My situation doesn't exactly fit your description (my dad is not alcoholic) but I did have two stepfathers with addiction problems, and I will tell you that it is awful to watch your mother in that situation.

Having a beaten-down mother (physically or otherwise) is not good for children. My sister has never forgiven my mother for putting us through that when, theoretically, she could have left and we could have had a happy mom and a healthy family again.

Best of luck to you, OP.


----------



## Barefoot~Baker (Dec 25, 2008)

Thank you SO MUCH. Your stories are really helping me to sort things out.

I went to my 2nd Al-Anon meeting yesterday. I don't want to be miserable in front of the kids (of course I don't want to be miserable at all!). I have been so unhappy and I don't want it to affect them.

They are unaware of the problem so far, but I know that it's only a matter of time. My oldest is 6.

Al-Anon is helping SO MUCH already. I came out of that meeting so encouraged and refreshed, even loving my husband, a feeling that has been wavering.

I go back and forth all the time whether I want to continue or not. Right now, I do. Of course there are a lot of factors and life is complicated, but basically, I want to put all of my energies into making this a happy home for my kids. I want to learn from Al-Anon and other people (like all of you) what there experiences were like and glean wisdom so that I can work on my family.

Aside from these problems, my dh is such a loving, caring, involved father and I've thanked the Lord so many times for that. The kids adore him.

Thanks a lot everyone. If any of you want to pm me with experiences that you are willing to share but don't want to post on the thread, please do


----------



## cdmommie (Aug 7, 2007)

I can tell you my story if you would like, but I'm not entirely comfortable discussing it publicly. You can pm me if you want.

I will warn you not to wait until it's too late. My mom always said "if" he gets abusive and "if" he........ She would leave. I wish she had left earlier, for her sake, for my sake and for my sister's sake. She stayed "for" us, but in the end it hurt us all much more because she waited for the "ifs" that she knew would eventually come. Even when he was cheating she "stuck it out". So we would have the ideal family. In my opinion, screw "ideal" and do what's best for you and your kids.

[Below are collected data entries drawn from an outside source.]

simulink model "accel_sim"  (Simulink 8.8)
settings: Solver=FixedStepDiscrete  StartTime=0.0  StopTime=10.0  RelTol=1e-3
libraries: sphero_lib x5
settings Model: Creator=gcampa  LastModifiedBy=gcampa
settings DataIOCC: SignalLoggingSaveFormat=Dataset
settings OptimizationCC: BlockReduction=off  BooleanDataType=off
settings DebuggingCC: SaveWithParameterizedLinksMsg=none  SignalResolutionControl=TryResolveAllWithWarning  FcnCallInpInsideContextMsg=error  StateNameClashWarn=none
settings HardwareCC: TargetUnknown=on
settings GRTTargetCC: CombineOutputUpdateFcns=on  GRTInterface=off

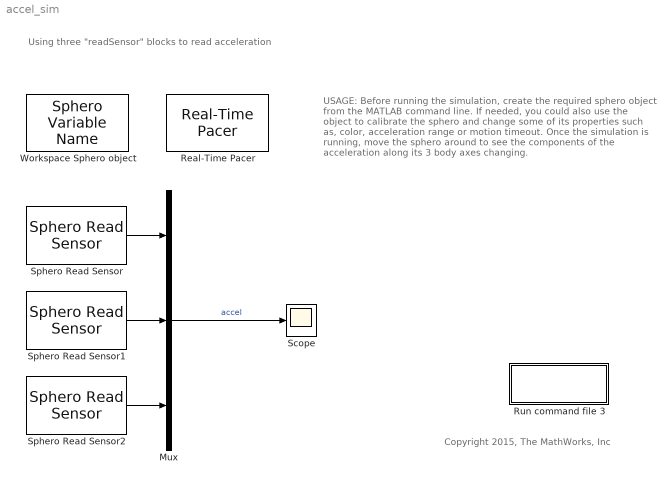
== system accel_sim ==
  note: Copyright 2015, The MathWorks, Inc
  note: USAGE:
      |
      | Before running the simulation, create the required sphero object
      | from the MATLAB command line. If needed, you could also use
      | the object to calibrate the sphero and change some of its properties
      | such as, color, acceleration range or motion timeout.
      |
      | Once the simulation is running, move the sphero around to see the
      | components of the acceleration along its 3 body axes changing.
  note: Using three "readSensor" blocks to read acceleration
  Mux : Mux  Inputs=3
  Real-Time Pacer : sphero_lib/Real-Time Pacer  simTimePerRealTime=1
  Run command file 3 : Subsystem
      settings: OpenFcn=sphero_lib
      mask Display: disp('Open Main\nSimulink Library')
  Scope : Scope
  Sphero Read Sensor : sphero_lib/Sphero Read Sensor  SpheroVarNumber=Existing workspace Sphero variable #1  SensorString=accelX  T=0.1
  Sphero Read Sensor1 : sphero_lib/Sphero Read Sensor  SpheroVarNumber=Existing workspace Sphero variable #1  SensorString=accelY  T=0.1
  Sphero Read Sensor2 : sphero_lib/Sphero Read Sensor  SpheroVarNumber=Existing workspace Sphero variable #1  SensorString=accelZ  T=0.1
  Workspace Sphero object : sphero_lib/Sphero Variable Name  Priority=3  SpheroVarNumber=Existing workspace Sphero variable #1  workspaceVarName=sph
  wires:
  Mux/1 -> Scope/1  "accel"
  Sphero Read Sensor2/1 -> Mux/3
  Sphero Read Sensor/1 -> Mux/1
  Sphero Read Sensor1/1 -> Mux/2

== system accel_sim/Run command file 3 ==

I hope you guys can make it through, but if you can't don't feel guilty. You do what you have to in order to give yourself and your kids the best future possible.


----------



## elanorh (Feb 1, 2006)

My Dad was at his best financially while he was a raging alcoholic. He's self-employed, those were the best years for his business. And I've never in my life seen him and known he was drunk. He doesn't slur his words, he doesn't become unsteady, but he can put back literally gallons of booze. One of my sisters stopped drinking hard liquor when she realized she could do the same (this sounds like she has a drinking problem, but she doesn't - she's an occasional, a few times a year drinker, but it freaked her out to drink a bottle of whiskey and not be 'drunk'). Dad never raised a hand against us - he would use Mom as his proxy. That was his proof that he wasn't an alcoholic (his Dad used to beat him). But he was verbally and emotionally abusive. Not in a 'mean' way - but I remember when he was at the bar drinking, how we would all spend the night cleaning the house as well as we could, because that was what usually set him off when he got home (if the house was messy).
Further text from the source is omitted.